The capital city of the Canary Island, Las Palmas de Gran Canaria, accounts for 58.2% of the active cases in the region

población españa INE
Mayor de Triana street in Las Palmas de Gran Canaria.Ángel Medina G. (EFE)
Guillermo Vega

Las Palmas de Gran Canaria, the biggest city on Spain’s Canary Islands, spent last week immersed in a heatwave as well as a cloud of Saharan dust. The result was a red weather alert for the first time in its history. But this was not the biggest problem for the ninth-biggest urban center in Spain, which counts on 379,925 inhabitants.

The city has become the ground zero for the coronavirus pandemic on the islands, with its five districts accounting for 58.2% of the 3,375 active cases on the seven Canary Islands, which are located off the northwestern coast of Africa. And that is despite the fact that the city’s residents account for just 19% of the region’s population. The island of Gran Canaria accounts for 69% of total cases in the Canaries, while its capital city is home to 72% of cases on the whole island.

The likely origin of this new outbreak could be down to just one person, or a handful of people. “One or several ‘superspreaders’ from an area of Spain and who integrated into the nightlife and Latino discos in the Guanarteme neighborhood [in the most western corner of the Playa de las Canteras beach] could have been the main cause of the outbreak after spreading the disease to more than 140 people,” explains Lluis Serra Majem, a professor at the University of Las Palmas de Gran Canaria and the spokesperson for the Canarian government’s scientific advisory committee.

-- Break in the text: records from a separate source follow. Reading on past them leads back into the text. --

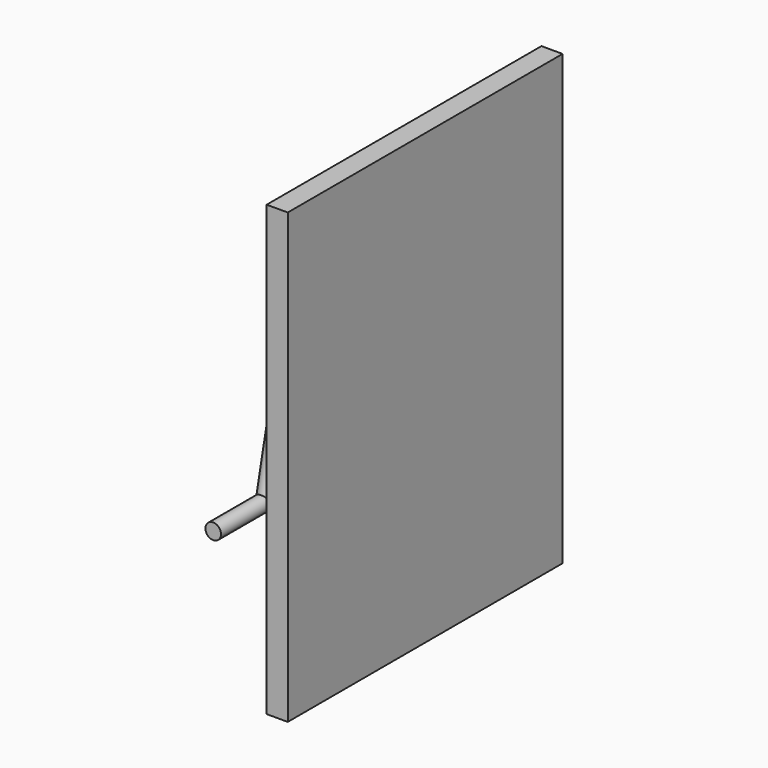
from build123d import *

# Parameters (mm, degrees)
F0_R          = 13.3086591282
F3_W          = 36.0237117857
F3_H          = 585.9275087714
F4_DEPTH      = 500
F4_DEPTH_BACK = 95
F5_R          = 9.0158495844
F6_DEPTH      = 80
F5_R_2        = 8.5543973975
F5_R_3        = 8.9567769952
F5_R_4        = 8.5868004183
F8_W          = 62.6919232309
F8_H          = 24.4294032454
F9_DEPTH      = 30.8
F12_DEPTH     = 90.5
F13_W         = 16.1430759363
F13_H         = 18.8865625858
F14_DEPTH     = 404
F15_DEPTH     = 265
F16_R         = 8.3021782339
F17_DEPTH     = 50
F16_R_2       = 7.0466149253
F19_T1_DEPTH  = 16.1430759363
F19_T3_DEPTH  = 41.1430759363
F19_T6_ANGLE  = 168.7003231043


# Not quite as in the source:
# - a fillet or chamfer that OpenCascade refuses, or shapes differently, is made with other operations: its cross-section is extruded or revolved along the edge and cut away or added


with BuildPart() as f2:
    # F2: sweep along a path in F1
    with BuildLine(Plane.YZ) as f2_path:
        Line((0, 64.4181072712), (-13.9453124047, 64.4181072712))
        Line((-13.9453124047, 64.4181072712), (-73.1850613519, -202.2097110748))
        Line((-73.1850613519, -202.2097110748), (-185.0498318672, -202.2097110748))
    # F0 (on Front) → F2 (sweep)
    with BuildSketch(Plane.XZ):
        with Locations((0, 64.417861402)):
            Circle(F0_R)
    sweep(path=f2_path.line, transition=Transition.RIGHT)


with BuildPart() as f4:
    # F3 (on Top) → F4 (new body, two sides)
    with BuildSketch(Plane.XY) as f4_sk:
        with Locations((45.6317188218, 187.2877962887)):
            Rectangle(F3_W, F3_H)
    extrude(amount=-F4_DEPTH)
    extrude(f4_sk.sketch, amount=F4_DEPTH_BACK)

    # F3 (on Top) → F15 (join)
    with BuildSketch(Plane.XY):
        with Locations((45.6317188218, 187.2877962887)):
            Rectangle(F3_W, F3_H)
    extrude(amount=F15_DEPTH)


with BuildPart() as f6:
    # F5 (on face) → F6 (new body)
    with BuildSketch(Plane(origin=(27.619862929, 0, 0), x_dir=(0, -1, 0), z_dir=(-1, 0, 0))):
        with Locations((73.3310803771, -202.0987272263)):
            Circle(F5_R)
    extrude(amount=F6_DEPTH)


with BuildPart() as f6b:
    # F5 (on face) → F6, piece 2 (new body)
    with BuildSketch(Plane(origin=(27.619862929, 0, 0), x_dir=(0, -1, 0), z_dir=(-1, 0, 0))):
        with Locations((14.3033554778, 64.6395683289)):
            Circle(F5_R_2)
    extrude(amount=F6_DEPTH)


with BuildPart() as f6c:
    # F5 (on face) → F6, piece 3 (new body)
    with BuildSketch(Plane(origin=(27.619862929, 0, 0), x_dir=(0, -1, 0), z_dir=(-1, 0, 0))):
        with Locations((56.9279193878, -132.585093379)):
            Circle(F5_R_3)
    extrude(amount=F6_DEPTH)


with BuildPart() as f6d:
    # F5 (on face) → F6, piece 4 (new body)
    with BuildSketch(Plane(origin=(27.619862929, 0, 0), x_dir=(0, -1, 0), z_dir=(-1, 0, 0))):
        with Locations((29.2789824307, 0)):
            Circle(F5_R_4)
    extrude(amount=F6_DEPTH)


with BuildPart() as f2_1:
    add(f2.part)

    # F7: cut F6d, F6c, F6, F6b
    add(f6d.part, mode=Mode.SUBTRACT)
    add(f6c.part, mode=Mode.SUBTRACT)
    add(f6.part, mode=Mode.SUBTRACT)
    add(f6b.part, mode=Mode.SUBTRACT)


with BuildPart() as f9:
    # F8 (on Front) → F9 (new body)
    with BuildSketch(Plane.XZ):
        with Locations((4.9693156034, 87.2141830623)):
            Rectangle(F8_W, F8_H)
    extrude(amount=F9_DEPTH)


with BuildPart() as f2_2:
    add(f2_1.part)

    # F10: cut F9
    add(f9.part, mode=Mode.SUBTRACT)

    # F11 (on face) → F12 (join)
    with BuildSketch(Plane.XY.offset(74.9994814396)):
        with BuildLine():
            Line((8.0715379682, -22.4337283609), (8.0715379682, -0.7198430731))
            ThreePointArc((8.0715379682, -0.7198430731), (7.5435055203, -0.3471123394), (6.9982904346, 0))
            Line((6.9982904346, 0), (-6.9982904346, 0))
            ThreePointArc((-6.9982904346, 0), (-7.5435055203, -0.3471123394), (-8.0715379682, -0.7198430731))
            Line((-8.0715379682, -0.7198430731), (-8.0715379682, -22.4337283609))
            Line((-8.0715379682, -22.4337283609), (8.0715379682, -22.4337283609))
        make_face()
        with BuildLine():
            ThreePointArc((-7.0667591259, -23.1465463218), (0, -25.1365519195), (7.0667591259, -23.1465463218))
            add(Edge.make_bspline(
                [(7.0667591259, -23.1465463218), (7.5851413227, -22.8137933841), (8.0715379682, -22.4337283609)],
                knots=[6.8375555203, 6.8375555203, 6.8375555203, 6.9348209354, 6.9348209354, 6.9348209354], degree=2, weights=[0.9716974687, 0.9847074225, 1]))
            Line((8.0715379682, -22.4337283609), (-8.0715379682, -22.4337283609))
            add(Edge.make_bspline(
                [(-8.0715379682, -22.4337283609), (-7.5851413227, -22.8137933841), (-7.0667591259, -23.1465463218)],
                knots=[5.631549679, 5.631549679, 5.631549679, 5.7288150941, 5.7288150941, 5.7288150941], degree=2, weights=[1, 0.9847074225, 0.9716974687]))
        make_face()
        with BuildLine():
            ThreePointArc((6.9982904346, 0), (7.5435055203, -0.3471123394), (8.0715379682, -0.7198430731))
            Line((8.0715379682, -0.7198430731), (8.0715379682, 0))
            Line((8.0715379682, 0), (6.9982904346, 0))
        make_face()
        with BuildLine():
            ThreePointArc((-8.0715379682, -0.7198430731), (-7.5435055203, -0.3471123394), (-6.9982904346, 0))
            Line((-6.9982904346, 0), (-8.0715379682, 0))
            Line((-8.0715379682, 0), (-8.0715379682, -0.7198430731))
        make_face()
    extrude(amount=F12_DEPTH)

    # F13 (on face) → F14 (join)
    with BuildSketch(Plane(origin=(0, 0, 0), x_dir=(-1, 0, 0), z_dir=(0, 1, 0))):
        with Locations((0, 156.0562001467)):
            Rectangle(F13_W, F13_H)
    extrude(amount=F14_DEPTH)


with BuildPart() as f17:
    # F16 (on face) → F17 (new body)
    with BuildSketch(Plane(origin=(27.619862929, 0, 0), x_dir=(0, -1, 0), z_dir=(-1, 0, 0))):
        with Locations((11.4515069872, 155.9651345015)):
            Circle(F16_R)
    extrude(amount=F17_DEPTH)


with BuildPart() as f17b:
    # F16 (on face) → F17, piece 2 (new body)
    with BuildSketch(Plane(origin=(27.619862929, 0, 0), x_dir=(0, -1, 0), z_dir=(-1, 0, 0))):
        with Locations((-397.8760838509, 155.8553129435)):
            Circle(F16_R_2)
    extrude(amount=F17_DEPTH)


with BuildPart() as f2_3:
    add(f2_2.part)

    # F18: cut F17b, F17
    add(f17b.part, mode=Mode.SUBTRACT)
    add(f17.part, mode=Mode.SUBTRACT)

    # F19: fillet of radius 5 on 4 edges, made by hand

    # F19_s2 → F19_t1 (join)
    with BuildSketch(Plane.YZ.offset(-8.0715379682)):
        with BuildLine():
            ThreePointArc((5, 146.6129188538), (1.4644660941, 145.1484527597), (0, 141.6129188538))
            Line((0, 141.6129188538), (0, 146.6129188538))
            Line((0, 146.6129188538), (5, 146.6129188538))
        make_face()
    extrude(amount=F19_T1_DEPTH)

    # F19_s4 → F19_t3 (cut)
    with BuildSketch(Plane.YZ.offset(-20.5715379682)):
        with BuildLine():
            ThreePointArc((404, 160.4994814396), (402.5355339059, 164.0350153455), (399, 165.4994814396))
            Line((399, 165.4994814396), (404, 165.4994814396))
            Line((404, 165.4994814396), (404, 160.4994814396))
        make_face()
        with BuildLine():
            ThreePointArc((399, 146.6129188538), (402.5355339059, 148.0773849478), (404, 151.6129188538))
            Line((404, 151.6129188538), (404, 146.6129188538))
            Line((404, 146.6129188538), (399, 146.6129188538))
        make_face()
    extrude(amount=F19_T3_DEPTH, mode=Mode.SUBTRACT)

    # F19_s5 → F19_t6 (revolve, cut)
    with BuildSketch(Plane(origin=(1.1358751611, -11.4817045831, 0), x_dir=(0, 0, 1), z_dir=(-0.0984485563, 0.9951421415, 0))):
        with BuildLine():
            ThreePointArc((165.4994814396, -9.6838962015), (164.0350153455, -13.2194301075), (160.4994814396, -14.6838962015))
            Line((160.4994814396, -14.6838962015), (165.4994814396, -14.6838962015))
            Line((165.4994814396, -14.6838962015), (165.4994814396, -9.6838962015))
        make_face()
    revolve(axis=Axis((0, -11.594075736, 165.4994814396), (0, 0, 1)), revolution_arc=F19_T6_ANGLE, mode=Mode.SUBTRACT)


solid = Compound([f4.part, f2_3.part])
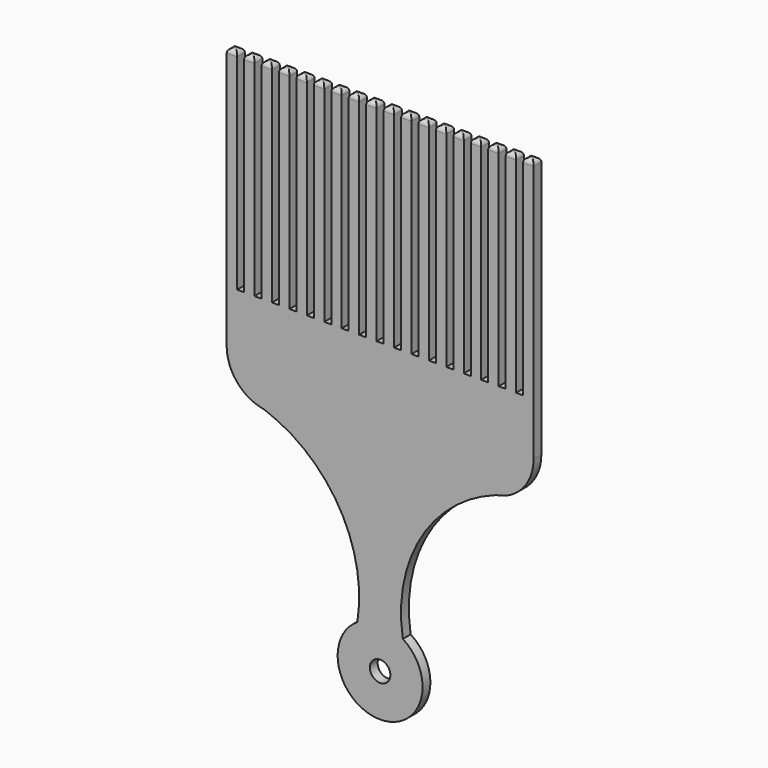
from build123d import *

# Parameters (mm, degrees)
F0_R     = 3.7382012242
F1_DEPTH = 3.556
F3_SCALE = 0.8
F4_R     = 1.27


with BuildPart() as f1:
    # F0 (on Front) → F1 (new body)
    with BuildSketch(Plane.XZ):
        with BuildLine():
            Line((-52.07, 181.6023319495), (-55.88, 181.6023319495))
            Line((-55.88, 181.6023319495), (-55.88, 86.1316665151))
            ThreePointArc((-55.88, 86.1316665151), (-52.0040063032, 75.6508869522), (-42.2413344101, 70.2139480257))
            ThreePointArc((-42.2413344101, 70.2139480257), (-14.9072200491, 47.7917837992), (-8.2826688201, 13.0639480257))
            ThreePointArc((-8.2826688201, 13.0639480257), (-14.8550807048, -4.3122984655), (0, -15.4683334849))
            ThreePointArc((0, -15.4683334849), (14.8550807048, -4.3122984655), (8.2826688201, 13.0639480257))
            ThreePointArc((8.2826688201, 13.0639480257), (14.9072200491, 47.7917837992), (42.2413344101, 70.2139480257))
            ThreePointArc((42.2413344101, 70.2139480257), (52.0040063032, 75.6508869522), (55.88, 86.1316665151))
            Line((55.88, 86.1316665151), (55.88, 181.6023319495))
            Line((55.88, 181.6023319495), (52.07, 181.6023319495))
            Line((52.07, 181.6023319495), (52.07, 105.4023319495))
            Line((52.07, 105.4023319495), (49.53, 105.4023319495))
            Line((49.53, 105.4023319495), (49.53, 181.6023319495))
            Line((49.53, 181.6023319495), (45.72, 181.6023319495))
            Line((45.72, 181.6023319495), (45.72, 105.4023319495))
            Line((45.72, 105.4023319495), (43.18, 105.4023319495))
            Line((43.18, 105.4023319495), (43.18, 181.6023319495))
            Line((43.18, 181.6023319495), (39.37, 181.6023319495))
            Line((39.37, 181.6023319495), (39.37, 105.4023319495))
            Line((39.37, 105.4023319495), (36.83, 105.4023319495))
            Line((36.83, 105.4023319495), (36.83, 181.6023319495))
            Line((36.83, 181.6023319495), (33.02, 181.6023319495))
            Line((33.02, 181.6023319495), (33.02, 105.4023319495))
            Line((33.02, 105.4023319495), (30.48, 105.4023319495))
            Line((30.48, 105.4023319495), (30.48, 181.6023319495))
            Line((30.48, 181.6023319495), (26.67, 181.6023319495))
            Line((26.67, 181.6023319495), (26.67, 105.4023319495))
            Line((26.67, 105.4023319495), (24.13, 105.4023319495))
            Line((24.13, 105.4023319495), (24.13, 181.6023319495))
            Line((24.13, 181.6023319495), (20.32, 181.6023319495))
            Line((20.32, 181.6023319495), (20.32, 105.4023319495))
            Line((20.32, 105.4023319495), (17.78, 105.4023319495))
            Line((17.78, 105.4023319495), (17.78, 181.6023319495))
            Line((17.78, 181.6023319495), (13.97, 181.6023319495))
            Line((13.97, 181.6023319495), (13.97, 105.4023319495))
            Line((13.97, 105.4023319495), (11.43, 105.4023319495))
            Line((11.43, 105.4023319495), (11.43, 181.6023319495))
            Line((11.43, 181.6023319495), (7.62, 181.6023319495))
            Line((7.62, 181.6023319495), (7.62, 105.4023319495))
            Line((7.62, 105.4023319495), (5.08, 105.4023319495))
            Line((5.08, 105.4023319495), (5.08, 181.6023319495))
            Line((5.08, 181.6023319495), (1.27, 181.6023319495))
            Line((1.27, 181.6023319495), (1.27, 105.4023319495))
            Line((1.27, 105.4023319495), (-1.27, 105.4023319495))
            Line((-1.27, 105.4023319495), (-1.27, 181.6023319495))
            Line((-1.27, 181.6023319495), (-5.08, 181.6023319495))
            Line((-5.08, 181.6023319495), (-5.08, 105.4023319495))
            Line((-5.08, 105.4023319495), (-7.62, 105.4023319495))
            Line((-7.62, 105.4023319495), (-7.62, 181.6023319495))
            Line((-7.62, 181.6023319495), (-11.43, 181.6023319495))
            Line((-11.43, 181.6023319495), (-11.43, 105.4023319495))
            Line((-11.43, 105.4023319495), (-13.97, 105.4023319495))
            Line((-13.97, 105.4023319495), (-13.97, 181.6023319495))
            Line((-13.97, 181.6023319495), (-17.78, 181.6023319495))
            Line((-17.78, 181.6023319495), (-17.78, 105.4023319495))
            Line((-17.78, 105.4023319495), (-20.32, 105.4023319495))
            Line((-20.32, 105.4023319495), (-20.32, 181.6023319495))
            Line((-20.32, 181.6023319495), (-24.13, 181.6023319495))
            Line((-24.13, 181.6023319495), (-24.13, 105.4023319495))
            Line((-24.13, 105.4023319495), (-26.67, 105.4023319495))
            Line((-26.67, 105.4023319495), (-26.67, 181.6023319495))
            Line((-26.67, 181.6023319495), (-30.48, 181.6023319495))
            Line((-30.48, 181.6023319495), (-30.48, 105.4023319495))
            Line((-30.48, 105.4023319495), (-33.02, 105.4023319495))
            Line((-33.02, 105.4023319495), (-33.02, 181.6023319495))
            Line((-33.02, 181.6023319495), (-36.83, 181.6023319495))
            Line((-36.83, 181.6023319495), (-36.83, 105.4023319495))
            Line((-36.83, 105.4023319495), (-39.37, 105.4023319495))
            Line((-39.37, 105.4023319495), (-39.37, 181.6023319495))
            Line((-39.37, 181.6023319495), (-43.18, 181.6023319495))
            Line((-43.18, 181.6023319495), (-43.18, 105.4023319495))
            Line((-43.18, 105.4023319495), (-45.72, 105.4023319495))
            Line((-45.72, 105.4023319495), (-45.72, 181.6023319495))
            Line((-45.72, 181.6023319495), (-49.53, 181.6023319495))
            Line((-49.53, 181.6023319495), (-49.53, 105.4023319495))
            Line((-49.53, 105.4023319495), (-52.07, 105.4023319495))
            Line((-52.07, 105.4023319495), (-52.07, 181.6023319495))
        make_face()
        Circle(F0_R, mode=Mode.SUBTRACT)
    extrude(amount=F1_DEPTH)


with BuildPart() as f1_1:
    # F3: moved
    add(f1.part.scale(F3_SCALE))

    # F4
    f4_edges = [f1_1.edges().sort_by_distance(p)[0] for p in [
        (33.02, 0, 145.281866),
        (31.496, -1.4224, 145.281866),
        (34.544, -1.4224, 145.281866),
        (39.624, -1.4224, 145.281866),
        (36.576, -1.4224, 145.281866),
        (38.1, 0, 145.281866),
        (38.1, -2.8448, 145.281866),
        (44.704, -1.4224, 145.281866),
        (41.656, -1.4224, 145.281866),
        (43.18, 0, 145.281866),
        (43.18, -2.8448, 145.281866),
        (29.464, -1.4224, 145.281866),
        (26.416, -1.4224, 145.281866),
        (27.94, 0, 145.281866),
        (27.94, -2.8448, 145.281866),
        (24.384, -1.4224, 145.281866),
        (21.336, -1.4224, 145.281866),
        (22.86, 0, 145.281866),
        (22.86, -2.8448, 145.281866),
        (19.304, -1.4224, 145.281866),
        (16.256, -1.4224, 145.281866),
        (17.78, 0, 145.281866),
        (17.78, -2.8448, 145.281866),
        (14.224, -1.4224, 145.281866),
        (11.176, -1.4224, 145.281866),
        (12.7, 0, 145.281866),
        (12.7, -2.8448, 145.281866),
        (9.144, -1.4224, 145.281866),
        (6.096, -1.4224, 145.281866),
        (7.62, 0, 145.281866),
        (7.62, -2.8448, 145.281866),
        (4.064, -1.4224, 145.281866),
        (1.016, -1.4224, 145.281866),
        (2.54, 0, 145.281866),
        (2.54, -2.8448, 145.281866),
        (-1.016, -1.4224, 145.281866),
        (-4.064, -1.4224, 145.281866),
        (-2.54, 0, 145.281866),
        (-2.54, -2.8448, 145.281866),
        (-6.096, -1.4224, 145.281866),
        (-9.144, -1.4224, 145.281866),
        (-7.62, 0, 145.281866),
        (-7.62, -2.8448, 145.281866),
        (-11.176, -1.4224, 145.281866),
        (-14.224, -1.4224, 145.281866),
        (-12.7, 0, 145.281866),
        (-12.7, -2.8448, 145.281866),
        (-16.256, -1.4224, 145.281866),
        (-19.304, -1.4224, 145.281866),
        (-17.78, 0, 145.281866),
        (-17.78, -2.8448, 145.281866),
        (-21.336, -1.4224, 145.281866),
        (-24.384, -1.4224, 145.281866),
        (-22.86, 0, 145.281866),
        (-22.86, -2.8448, 145.281866),
        (-26.416, -1.4224, 145.281866),
        (-29.464, -1.4224, 145.281866),
        (-27.94, 0, 145.281866),
        (-27.94, -2.8448, 145.281866),
        (-31.496, -1.4224, 145.281866),
        (-34.544, -1.4224, 145.281866),
        (-33.02, 0, 145.281866),
        (-33.02, -2.8448, 145.281866),
        (-36.576, -1.4224, 145.281866),
        (-39.624, -1.4224, 145.281866),
        (-38.1, 0, 145.281866),
        (-38.1, -2.8448, 145.281866),
        (-41.656, -1.4224, 145.281866),
        (-44.704, -1.4224, 145.281866),
        (-43.18, 0, 145.281866),
        (-43.18, -2.8448, 145.281866),
        (33.02, -2.8448, 145.281866),
    ]]
    fillet(f4_edges, radius=F4_R)


solid = f1_1.part
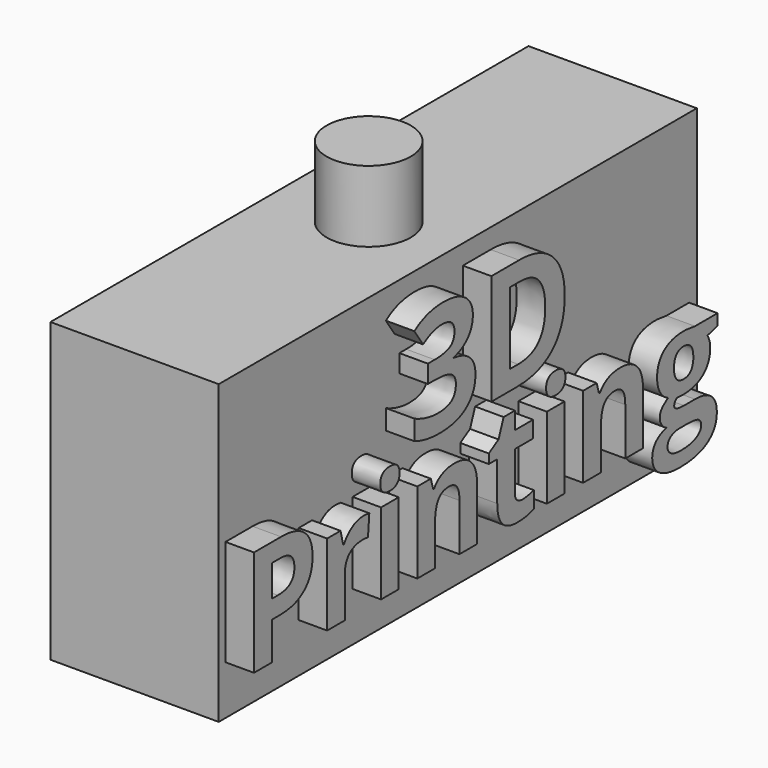
from build123d import *

# Parameters (mm, degrees)
F0_W           = 106.5187280504
F0_H           = 53
F1_DEPTH       = 30
F2_TEXT_SIZE   = 27.5985905638
F2_TEXT_SIZE_2 = 26.4583333333
F3_DEPTH       = 5.08
F4_R           = 7.5
F5_DEPTH       = 12.7


# Not quite as in the source:
# - Text() gives the source's letters only with a copy of the font that has no kerning and outlines rounded to 1/6400 em; it was checked with that copy


with BuildPart() as f1:
    # F0 (on Right) → F1 (new body)
    with BuildSketch(Plane.YZ):
        with Locations((2.0321319101, -38.55718835)):
            Rectangle(F0_W, F0_H)
    extrude(amount=F1_DEPTH)

    # F2 (on face) → F3 (join)
    with BuildSketch(Plane.YZ.offset(30)):
        with Locations((-15.0624886708, -35.2688521692)):
            Text('3D', F2_TEXT_SIZE, font='Open Sans', font_style=FontStyle.BOLD, text_align=(TextAlign.LEFT, TextAlign.BOTTOM))
        with Locations((-52.1003985959, -56.3090160203)):
            Text('Printing', F2_TEXT_SIZE_2, font='Open Sans', font_style=FontStyle.BOLD, text_align=(TextAlign.LEFT, TextAlign.BOTTOM))
    extrude(amount=F3_DEPTH)

    # F4 (on face) → F5 (join)
    with BuildSketch(Plane.XY.offset(-12.05718835)):
        with Locations((15.7503771717, 0)):
            Circle(F4_R)
    extrude(amount=F5_DEPTH)


solid = f1.part

The origin of this wave is in the outbreaks that came from nightlife and then in family meetings, which saw fast transmission
Epidemiologist Amós García Rojas

Accustomed to low infection figures during Spain’s lockdown, residents of Gran Canaria in general, and inhabitants of the island’s capital in particular, returned to the city’s nightlife with great enthusiasm once the deescalation process allowed for it. News stories about private parties on yachts or in pubs where the required safety measures were not respected have been frequent in recent months. “The origin of this wave is in the outbreaks that came from nightlife and then in family meetings, which saw fast transmission,” explains Amós García Rojas, the head of the epidemiology service at the Canarian public health department. “It’s evident that when there is a spread like this it is because people haven’t respected the guidelines,” he adds.

Data from the Canarian government appears to support García Rojas’s theory: 25% of new cases are aged between 20 and 29; another 17%, between 30 and 39. This sensation of immortality is clear to see if you take a walk along the beaches of the capital, which are frequented by youngsters without masks on.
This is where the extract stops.